**ACTIVITY**
Transcribe the material verbatim, starting at its first line and stopping once the line containing "import ezdxf" has been given; no picture should appear.

*** SUPPLIED ENTRIES ***

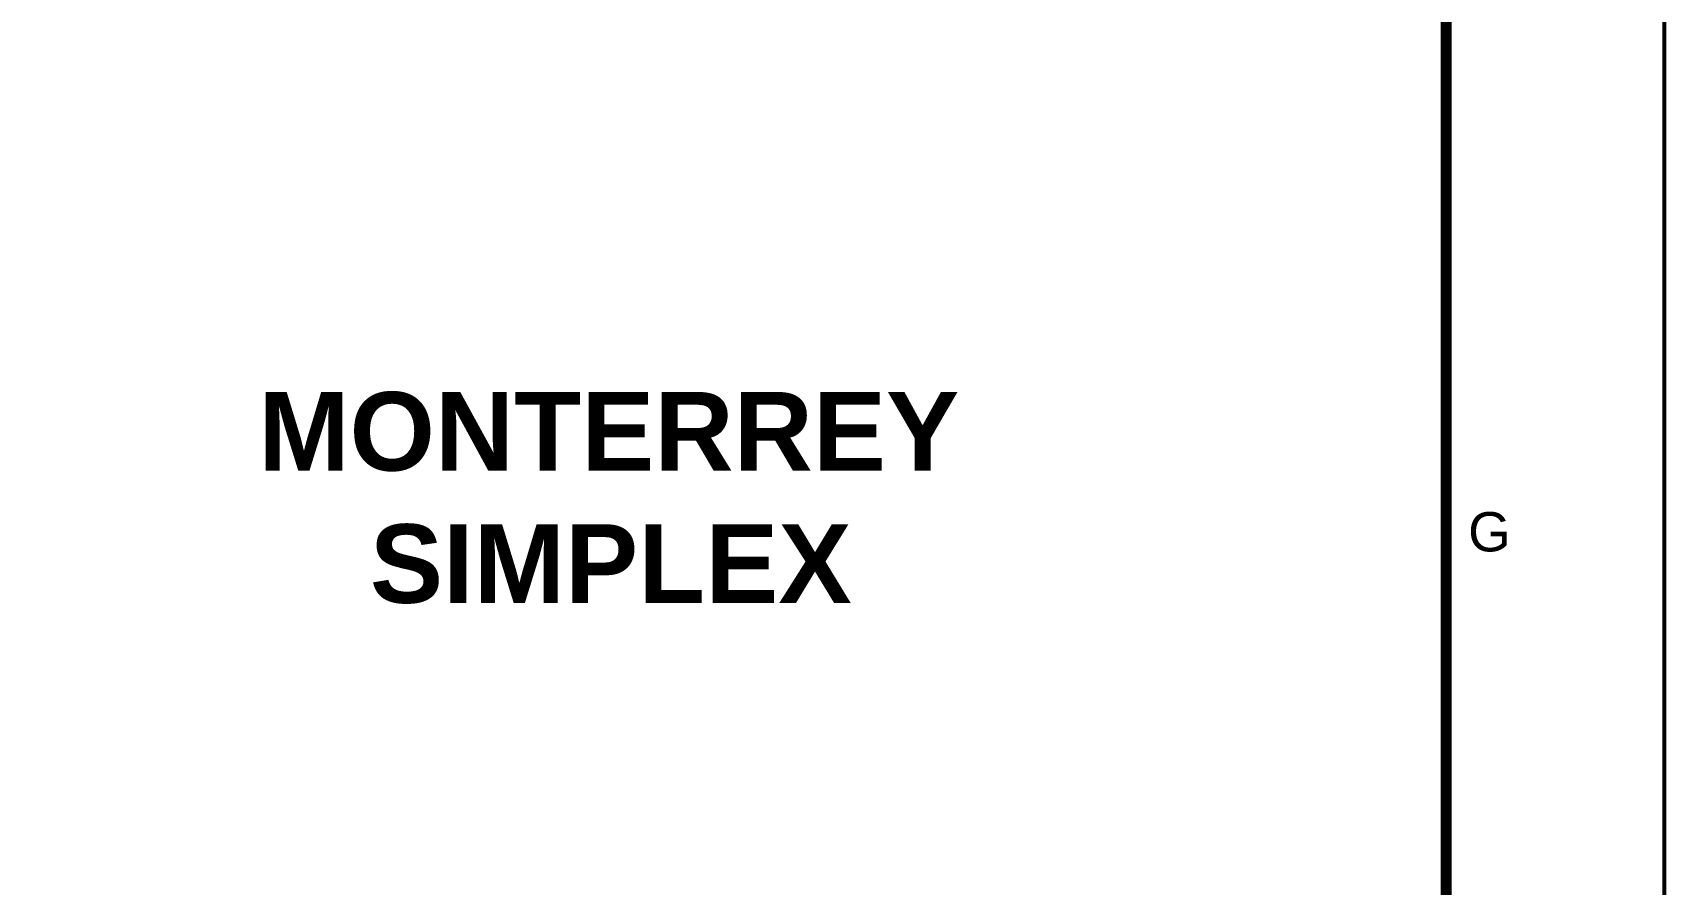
# Paper-space layout 'A000' of a CAD drawing. Header units: metres, sheet in millimetres. Extents: x -6 to 588, y -18 to 402.
# Drawn here: x 535.4 to 588.3, y 136.8 to 164.3 of the extents above; entities that cross this region are included whole.
import ezdxf
from ezdxf.enums import TextEntityAlignment as Align

# ---------------------------------------------------------------- set-up
doc = ezdxf.new("R2010")
doc.units = ezdxf.units.M
doc.header["$MEASUREMENT"] = 0
doc.layers.add('G-ANNO-NPLT', color=210, linetype='Continuous', plot=False)
doc.layers.add('G-ANNO-TEXT', color=3, linetype='Continuous')
doc.layers.add('G-ANNO-TTLB', color=3, linetype='Continuous')
doc.styles.add('ARIAL', font='arial.ttf')
doc.styles.add('ARIAL-BOLD', font='')
doc.styles.get('ARIAL-BOLD').set_extended_font_data('Arial', bold=True)

# ---------------------------------------------------------------- blocks, each defined once
blk = doc.blocks.new('A1_GRID_LAYOUT')
at = {"layer": 'G-ANNO-NPLT', "const_width": 0.18}
blk.add_lwpolyline([(841, 0), (841, 594)], dxfattribs=at)
at = {"layer": 'G-ANNO-TTLB', "const_width": 0.5, "flags": 128}
blk.add_lwpolyline([(25, 584), (25, 10), (831, 10), (831, 584)], close=True, dxfattribs=at)
at = {"layer": 'G-ANNO-TEXT', "style": 'ARIAL'}
blk.add_text('G', height=1.8, dxfattribs=at).set_placement((832.983, 235), align=Align.MIDDLE_CENTER)
blk = doc.blocks.new('BLOCK_TITLE')
at = {"layer": 'G-ANNO-TEXT', "style": 'ARIAL-BOLD'}
for tag, p, height in [('PROJECT_TITLE_001', (-45.317, 222.275), 3.6), ('STUDENTS_001', (-31.827, 160.465), 1.8), ('STUDENTS_002', (-31.968, 157.434), 1.8), ('STUDENTS_003', (-31.977, 154.403), 1.8), ('DRAWING_TITLE_001', (-35.365, 141), 1.8), ('NOTES_001', (-25.48, 124.1), 1.8), ('FILENAME_001', (-32.858, 107.683), 1.8)]:
    blk.add_attdef(tag, p, '', height=height, dxfattribs=at)
at = {"layer": 'G-ANNO-TEXT', "style": 'ARIAL-BOLD', "flags": 2}
for tag, p in [('CLASS_001', (-38.724, 192.282)), ('CLASS_002', (-34.96, 189.251)), ('PROFESSOR_001', (-36.329, 174.1))]:
    blk.add_attdef(tag, p, '', height=1.8, dxfattribs=at)
at = {"layer": 'G-ANNO-TEXT', "style": 'ARIAL-BOLD'}
for tag, p in [('VERSION_9', (-49, 92.5)), ('VERSION_8', (-49, 87.5)), ('VERSION_7', (-49, 82.5)), ('VERSION_6', (-49, 77.5)), ('VERSION_5', (-49, 72.5)), ('VERSION_4', (-49, 67.5)), ('VERSION_3', (-49, 62.5)), ('VERSION_2', (-49, 57.5)), ('VERSION_1', (-49, 52.5)), ('SHEET_TOTAL', (-5.681, 47.981)), ('DATE', (-39.015, 5.53)), ('REV', (-39.015, 2.506))]:
    blk.add_attdef(tag, text='', height=1.8, dxfattribs=at).set_placement(p, align=Align.MIDDLE_LEFT)
for tag, p in [('DATA_9', (-2.806, 92.5)), ('DATA_8', (-2.806, 87.5)), ('DATA_7', (-2.806, 82.5)), ('DATA_6', (-2.806, 77.5)), ('DATA_5', (-2.806, 72.5)), ('DATA_4', (-2.806, 67.5)), ('DATA_3', (-2.806, 62.5)), ('DATA_2', (-2.806, 57.5)), ('DATA_1', (-2.806, 52.5)), ('SHEET_COPY', (-11.423, 47.981)), ('SCALE', (-4.416, 5.53))]:
    blk.add_attdef(tag, text='', height=1.8, dxfattribs=at).set_placement(p, align=Align.MIDDLE_RIGHT)
blk.add_attdef('SHEET', text='', height=9.6, dxfattribs=at).set_placement((-25, 25), align=Align.MIDDLE_CENTER)

psp = doc.layouts.new('A000')

# ---------------------------------------------------------------- block references
ref = psp.add_blockref('BLOCK_TITLE', (571.824, -8.634), dxfattribs=dict(xscale=0.7063020214030911, yscale=0.7063020214030911, zscale=0.7063020214030911))
ref.add_attrib('PROJECT_TITLE_001', 'MONTERREY', (542.692, 150.171), dxfattribs={"layer": 'G-ANNO-TEXT', "height": 2.5427, "style": 'ARIAL-BOLD'})
ref.add_attrib('PROJECT_TITLE_002', 'SIMPLEX', (546.309, 145.89), dxfattribs={"layer": 'G-ANNO-TEXT', "height": 2.5427, "style": 'ARIAL-BOLD'})

# ---------------------------------------------------------------- next in the draw order: block references
at = {"xscale": 0.7063020214030911, "yscale": 0.7063020214030911, "zscale": 0.7063020214030911}
psp.add_blockref('A1_GRID_LAYOUT', (-5.792, -17.79), dxfattribs=at)

doc.saveas('drawing.dxf')

*** End of SUPPLIED ENTRIES ***

**SOLUTION TO THE PROBLEM**
# Paper-space layout 'A000' of a CAD drawing. Header units: metres, sheet in millimetres. Extents: x -6 to 588, y -18 to 402.
# Drawn here: x 535.4 to 588.3, y 136.8 to 164.3 of the extents above; entities that cross this region are included whole.
import ezdxf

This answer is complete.